An investigational drug in clinical trials for rheumatoid arthritis also prevents a common, life-threatening side effect of stem cell transplants, new research shows.
Studying mice, the researchers found the drug prevented what’s known as graft-versus-host disease, a debilitating, sometimes lethal condition that develops when transplanted stem cells attack the body’s own organs or tissues.
About half of patients receiving donor stem cells develop graft-versus-host disease, which can linger for months or years after their transplants. In some cases, patients die not from their cancer but from the complication itself. Current treatments are not effective.
Graft-vs-host disease
In past work, this research team defined the role of molecules called JAK1/2 kinases and their signaling pathways in immune cell activation and graft-vs-host disease. In the new study, published in the journal Leukemia, these same researchers evaluated ruxolitinib and baricitinib, and found baricitinib to be the superior of the two drugs in reducing and preventing graft-versus-host-disease in mice. Both drugs belong to a class of pharmaceuticals called JAK inhibitors that are known for dialing down inflammation.
The drug appears to stop graft-versus-host disease by simply keeping the donor T cells circulating in the bloodstream, away from vital organs.

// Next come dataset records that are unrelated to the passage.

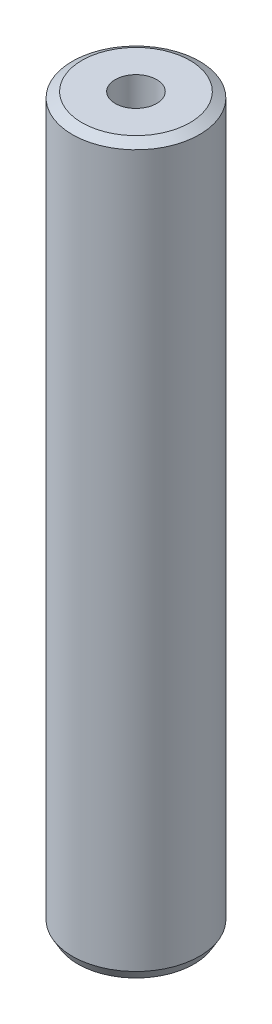
SolidWorks part; units mm, degrees
ref_plane "Front Plane" through (0, 0, 0) normal (0, 0, 1) x (1, 0, 0)
ref_plane "Top Plane" through (0, 0, 0) normal (0, 1, 0) x (1, 0, 0)
ref_plane "Right Plane" through (0, 0, 0) normal (1, 0, 0) x (0, 0, -1)
sketch "Sketch1" plane through (0, 0, 0) normal (0, 1, 0) x (1, 0, 0)
  circle A0 centre (0, 0) radius 52.5
  dimension "SHAFT_OD" = 105
extrude "Boss-Extrude1" add sketch "Sketch1" along normal blind 600
sketch "Sketch2" plane through (0, 0, 0) normal (0, 1, 0) x (1, 0, 0)
  circle A0 centre (0, 0) radius 17.1157
  dimension "BORE_D" = 34.2313
extrude "Cut-Extrude1" cut sketch "Sketch2" along normal through all
chamfer "Chamfer1" distance 4.5576 angle 60 2 edges at (0, 600, 52.5) (0, 0, 52.5) first distance on face at (0, 600, 52.5) first distance on face at (0, 0, 17.1157)

“Transplanted donor stem cells—and more specifically, the T cells in the donor stem cell product—are particularly good at fighting off leukemia, but these cells can go haywire, unfortunately, and attack the patient’s healthy tissues, causing graft-versus-host disease,” says senior author John F. DiPersio, professor of medicine in oncology at the Washington University School of Medicine in St. Louis. “The typical ways we can reduce the effects of the disease also tend to weaken the T cells’ ability to attack the cancer. We’re looking for a treatment strategy that stops the disease without shutting down T cells’ assault on the cancer.”
Surprisingly, baricitinib did more than shut down graft-versus-host disease. It actually boosted the ability of the donor T cells to fight the cancer.
“We don’t know yet exactly how this happens, but we’re working to understand it,” says first author Jaebok Choi, an assistant professor of medicine. “We think at least part of the explanation is the drug strips the leukemia cells of their immune defenses, making them more vulnerable to attack by the donor T cells. At the same time, the drug also stops the donor T cells from being able to make their way to important healthy tissues, such as the skin, liver, and gastrointestinal tract, where they often do the most damage.”
In other words, the drug appears to stop graft-versus-host disease by simply keeping the donor T cells circulating in the bloodstream, away from vital organs. Simultaneously, the drug makes the leukemia cells more vulnerable to immune attack from the donor T cells, which are now mostly confined to the bloodstream, where the cancer is.
The drug also appeared to boost levels of specific immune cells that put the brakes on a runaway immune response that can make graft-versus-host disease worse. These apparently independent effects are specific to baricitinib and may explain why other JAK inhibitors did not work as well, according to DiPersio, who is also deputy director of Siteman Cancer Center at Barnes-Jewish Hospital and Washington University School of Medicine.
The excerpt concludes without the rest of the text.